Your instructions: What you write should be an exact copy of the material, from its first line through the line containing "#39=VERTEX_POINT('',#38);".

━━━━━━━━━━━━━━━━━━━━

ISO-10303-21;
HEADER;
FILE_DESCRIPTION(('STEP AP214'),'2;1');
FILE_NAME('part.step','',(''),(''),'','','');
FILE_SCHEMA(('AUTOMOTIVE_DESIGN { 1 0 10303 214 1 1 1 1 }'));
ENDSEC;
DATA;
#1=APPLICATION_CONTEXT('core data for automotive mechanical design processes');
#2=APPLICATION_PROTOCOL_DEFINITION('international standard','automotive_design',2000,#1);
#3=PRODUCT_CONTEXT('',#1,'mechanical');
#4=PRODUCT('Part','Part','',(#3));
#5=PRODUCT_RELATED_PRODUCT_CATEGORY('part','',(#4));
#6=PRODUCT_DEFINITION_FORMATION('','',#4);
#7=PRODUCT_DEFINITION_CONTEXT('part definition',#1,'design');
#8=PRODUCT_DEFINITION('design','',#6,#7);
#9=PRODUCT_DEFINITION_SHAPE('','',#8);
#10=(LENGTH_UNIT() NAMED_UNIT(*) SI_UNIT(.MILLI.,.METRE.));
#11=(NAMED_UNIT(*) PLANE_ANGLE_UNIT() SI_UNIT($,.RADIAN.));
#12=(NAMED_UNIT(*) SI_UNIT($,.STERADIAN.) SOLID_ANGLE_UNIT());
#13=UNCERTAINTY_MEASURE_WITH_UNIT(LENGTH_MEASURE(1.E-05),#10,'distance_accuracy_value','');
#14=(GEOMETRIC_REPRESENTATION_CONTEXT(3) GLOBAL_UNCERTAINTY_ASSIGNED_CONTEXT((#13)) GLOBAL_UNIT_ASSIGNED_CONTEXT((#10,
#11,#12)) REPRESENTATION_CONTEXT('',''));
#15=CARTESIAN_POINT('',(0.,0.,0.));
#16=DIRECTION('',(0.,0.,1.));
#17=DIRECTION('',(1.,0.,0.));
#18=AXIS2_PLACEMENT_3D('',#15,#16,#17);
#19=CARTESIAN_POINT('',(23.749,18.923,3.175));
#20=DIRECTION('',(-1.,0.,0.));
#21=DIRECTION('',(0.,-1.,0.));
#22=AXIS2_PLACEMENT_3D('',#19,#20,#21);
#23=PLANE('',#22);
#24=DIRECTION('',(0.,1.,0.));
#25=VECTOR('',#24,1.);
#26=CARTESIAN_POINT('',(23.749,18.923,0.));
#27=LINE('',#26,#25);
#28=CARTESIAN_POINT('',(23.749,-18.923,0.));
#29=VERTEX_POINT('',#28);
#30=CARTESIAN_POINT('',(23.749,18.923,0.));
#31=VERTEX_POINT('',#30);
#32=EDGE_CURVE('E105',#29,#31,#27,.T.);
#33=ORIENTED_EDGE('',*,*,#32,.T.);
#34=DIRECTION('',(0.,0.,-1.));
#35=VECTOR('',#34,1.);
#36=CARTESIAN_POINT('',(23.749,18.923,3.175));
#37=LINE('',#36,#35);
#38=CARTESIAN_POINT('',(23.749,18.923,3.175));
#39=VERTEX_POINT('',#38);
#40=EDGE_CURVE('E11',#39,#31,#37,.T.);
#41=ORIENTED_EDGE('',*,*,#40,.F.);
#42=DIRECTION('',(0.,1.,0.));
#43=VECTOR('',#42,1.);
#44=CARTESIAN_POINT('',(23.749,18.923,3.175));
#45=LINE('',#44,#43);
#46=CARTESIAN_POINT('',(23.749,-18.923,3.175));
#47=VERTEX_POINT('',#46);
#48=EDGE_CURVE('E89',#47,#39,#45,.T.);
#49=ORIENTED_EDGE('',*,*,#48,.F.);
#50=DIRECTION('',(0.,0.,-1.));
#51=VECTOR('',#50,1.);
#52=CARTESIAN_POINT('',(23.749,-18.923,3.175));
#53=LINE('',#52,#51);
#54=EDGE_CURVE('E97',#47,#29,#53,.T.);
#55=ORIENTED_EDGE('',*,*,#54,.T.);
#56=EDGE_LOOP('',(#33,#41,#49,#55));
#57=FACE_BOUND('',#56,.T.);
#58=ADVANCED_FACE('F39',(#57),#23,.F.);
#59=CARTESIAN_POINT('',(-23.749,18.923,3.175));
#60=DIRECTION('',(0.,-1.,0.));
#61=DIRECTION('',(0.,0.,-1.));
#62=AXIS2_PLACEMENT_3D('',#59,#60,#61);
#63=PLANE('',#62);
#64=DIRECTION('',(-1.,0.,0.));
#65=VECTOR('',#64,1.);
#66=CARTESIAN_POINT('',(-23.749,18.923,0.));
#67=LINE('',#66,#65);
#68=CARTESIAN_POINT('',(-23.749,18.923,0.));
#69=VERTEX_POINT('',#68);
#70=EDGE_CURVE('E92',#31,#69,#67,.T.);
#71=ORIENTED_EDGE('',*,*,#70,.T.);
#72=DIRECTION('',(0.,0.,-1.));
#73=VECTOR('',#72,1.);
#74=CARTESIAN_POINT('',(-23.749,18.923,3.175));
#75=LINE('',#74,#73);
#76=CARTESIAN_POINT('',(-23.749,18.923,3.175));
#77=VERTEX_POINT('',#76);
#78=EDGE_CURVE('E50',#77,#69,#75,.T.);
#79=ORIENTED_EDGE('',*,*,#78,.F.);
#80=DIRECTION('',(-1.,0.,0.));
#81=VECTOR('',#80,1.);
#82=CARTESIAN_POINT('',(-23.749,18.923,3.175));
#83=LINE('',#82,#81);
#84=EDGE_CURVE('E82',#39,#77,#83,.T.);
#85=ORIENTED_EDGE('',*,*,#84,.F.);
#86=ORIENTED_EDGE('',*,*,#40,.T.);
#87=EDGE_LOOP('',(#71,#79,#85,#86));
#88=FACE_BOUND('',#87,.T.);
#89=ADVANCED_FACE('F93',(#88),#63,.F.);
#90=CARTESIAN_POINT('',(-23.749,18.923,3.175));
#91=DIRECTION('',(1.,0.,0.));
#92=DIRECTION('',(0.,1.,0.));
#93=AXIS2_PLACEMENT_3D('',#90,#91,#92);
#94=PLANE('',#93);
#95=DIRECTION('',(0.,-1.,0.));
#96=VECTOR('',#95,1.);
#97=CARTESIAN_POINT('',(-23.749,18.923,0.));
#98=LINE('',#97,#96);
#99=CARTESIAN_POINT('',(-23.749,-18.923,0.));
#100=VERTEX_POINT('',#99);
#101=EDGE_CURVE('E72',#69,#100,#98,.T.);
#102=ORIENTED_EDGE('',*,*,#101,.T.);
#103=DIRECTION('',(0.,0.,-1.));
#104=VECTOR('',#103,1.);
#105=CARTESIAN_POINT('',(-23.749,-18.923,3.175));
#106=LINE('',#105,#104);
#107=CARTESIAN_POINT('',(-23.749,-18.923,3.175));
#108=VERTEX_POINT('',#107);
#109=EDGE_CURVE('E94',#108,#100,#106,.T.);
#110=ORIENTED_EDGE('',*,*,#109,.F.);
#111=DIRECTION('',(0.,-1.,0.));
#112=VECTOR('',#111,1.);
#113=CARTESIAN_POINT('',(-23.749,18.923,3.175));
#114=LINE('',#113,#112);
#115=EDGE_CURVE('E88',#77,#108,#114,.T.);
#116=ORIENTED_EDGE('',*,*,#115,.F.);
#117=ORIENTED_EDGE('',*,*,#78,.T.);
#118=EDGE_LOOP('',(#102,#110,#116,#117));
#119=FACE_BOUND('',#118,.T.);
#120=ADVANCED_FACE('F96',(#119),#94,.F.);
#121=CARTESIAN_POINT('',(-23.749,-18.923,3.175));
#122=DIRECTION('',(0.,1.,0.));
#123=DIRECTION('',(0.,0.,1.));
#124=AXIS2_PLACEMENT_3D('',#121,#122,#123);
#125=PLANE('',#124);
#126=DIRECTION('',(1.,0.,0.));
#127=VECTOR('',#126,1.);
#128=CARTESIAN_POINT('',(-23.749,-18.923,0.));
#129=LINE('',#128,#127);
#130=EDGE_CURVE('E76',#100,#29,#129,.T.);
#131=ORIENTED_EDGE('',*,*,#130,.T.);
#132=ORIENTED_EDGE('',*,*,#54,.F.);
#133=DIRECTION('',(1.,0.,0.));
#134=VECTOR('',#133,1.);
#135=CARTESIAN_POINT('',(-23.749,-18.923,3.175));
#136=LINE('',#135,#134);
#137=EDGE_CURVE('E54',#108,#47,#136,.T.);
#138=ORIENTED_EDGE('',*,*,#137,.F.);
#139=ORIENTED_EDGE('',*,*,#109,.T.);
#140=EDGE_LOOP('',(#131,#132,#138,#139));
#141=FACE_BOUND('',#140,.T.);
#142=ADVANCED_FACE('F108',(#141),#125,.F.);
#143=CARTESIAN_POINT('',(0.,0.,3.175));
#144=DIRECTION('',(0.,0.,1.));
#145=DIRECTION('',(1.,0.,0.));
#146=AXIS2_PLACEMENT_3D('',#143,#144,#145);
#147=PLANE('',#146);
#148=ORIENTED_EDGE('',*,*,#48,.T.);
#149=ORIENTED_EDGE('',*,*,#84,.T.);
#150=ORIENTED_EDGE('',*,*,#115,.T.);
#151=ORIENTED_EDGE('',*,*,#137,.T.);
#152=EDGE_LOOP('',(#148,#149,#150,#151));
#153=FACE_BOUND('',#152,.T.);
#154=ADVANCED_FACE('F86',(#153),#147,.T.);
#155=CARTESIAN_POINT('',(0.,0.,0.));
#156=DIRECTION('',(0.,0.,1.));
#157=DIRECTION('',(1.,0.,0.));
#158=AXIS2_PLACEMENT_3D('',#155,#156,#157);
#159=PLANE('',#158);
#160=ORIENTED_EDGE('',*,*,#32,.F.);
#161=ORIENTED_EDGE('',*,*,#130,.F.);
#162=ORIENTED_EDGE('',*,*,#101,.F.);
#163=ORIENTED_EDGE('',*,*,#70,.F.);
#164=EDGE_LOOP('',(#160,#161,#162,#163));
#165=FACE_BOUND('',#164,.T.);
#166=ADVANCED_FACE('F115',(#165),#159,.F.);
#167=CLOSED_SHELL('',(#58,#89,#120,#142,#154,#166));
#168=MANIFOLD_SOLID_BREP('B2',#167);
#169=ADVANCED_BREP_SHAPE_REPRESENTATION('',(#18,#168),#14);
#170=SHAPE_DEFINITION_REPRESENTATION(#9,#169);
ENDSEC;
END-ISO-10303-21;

━━━━━━━━━━━━━━━━━━━━

Answer section:
ISO-10303-21;
HEADER;
FILE_DESCRIPTION(('STEP AP214'),'2;1');
FILE_NAME('part.step','',(''),(''),'','','');
FILE_SCHEMA(('AUTOMOTIVE_DESIGN { 1 0 10303 214 1 1 1 1 }'));
ENDSEC;
DATA;
#1=APPLICATION_CONTEXT('core data for automotive mechanical design processes');
#2=APPLICATION_PROTOCOL_DEFINITION('international standard','automotive_design',2000,#1);
#3=PRODUCT_CONTEXT('',#1,'mechanical');
#4=PRODUCT('Part','Part','',(#3));
#5=PRODUCT_RELATED_PRODUCT_CATEGORY('part','',(#4));
#6=PRODUCT_DEFINITION_FORMATION('','',#4);
#7=PRODUCT_DEFINITION_CONTEXT('part definition',#1,'design');
#8=PRODUCT_DEFINITION('design','',#6,#7);
#9=PRODUCT_DEFINITION_SHAPE('','',#8);
#10=(LENGTH_UNIT() NAMED_UNIT(*) SI_UNIT(.MILLI.,.METRE.));
#11=(NAMED_UNIT(*) PLANE_ANGLE_UNIT() SI_UNIT($,.RADIAN.));
#12=(NAMED_UNIT(*) SI_UNIT($,.STERADIAN.) SOLID_ANGLE_UNIT());
#13=UNCERTAINTY_MEASURE_WITH_UNIT(LENGTH_MEASURE(1.E-05),#10,'distance_accuracy_value','');
#14=(GEOMETRIC_REPRESENTATION_CONTEXT(3) GLOBAL_UNCERTAINTY_ASSIGNED_CONTEXT((#13)) GLOBAL_UNIT_ASSIGNED_CONTEXT((#10,
#11,#12)) REPRESENTATION_CONTEXT('',''));
#15=CARTESIAN_POINT('',(0.,0.,0.));
#16=DIRECTION('',(0.,0.,1.));
#17=DIRECTION('',(1.,0.,0.));
#18=AXIS2_PLACEMENT_3D('',#15,#16,#17);
#19=CARTESIAN_POINT('',(23.749,18.923,3.175));
#20=DIRECTION('',(-1.,0.,0.));
#21=DIRECTION('',(0.,-1.,0.));
#22=AXIS2_PLACEMENT_3D('',#19,#20,#21);
#23=PLANE('',#22);
#24=DIRECTION('',(0.,1.,0.));
#25=VECTOR('',#24,1.);
#26=CARTESIAN_POINT('',(23.749,18.923,0.));
#27=LINE('',#26,#25);
#28=CARTESIAN_POINT('',(23.749,-18.923,0.));
#29=VERTEX_POINT('',#28);
#30=CARTESIAN_POINT('',(23.749,18.923,0.));
#31=VERTEX_POINT('',#30);
#32=EDGE_CURVE('E105',#29,#31,#27,.T.);
#33=ORIENTED_EDGE('',*,*,#32,.T.);
#34=DIRECTION('',(0.,0.,-1.));
#35=VECTOR('',#34,1.);
#36=CARTESIAN_POINT('',(23.749,18.923,3.175));
#37=LINE('',#36,#35);
#38=CARTESIAN_POINT('',(23.749,18.923,3.175));
#39=VERTEX_POINT('',#38);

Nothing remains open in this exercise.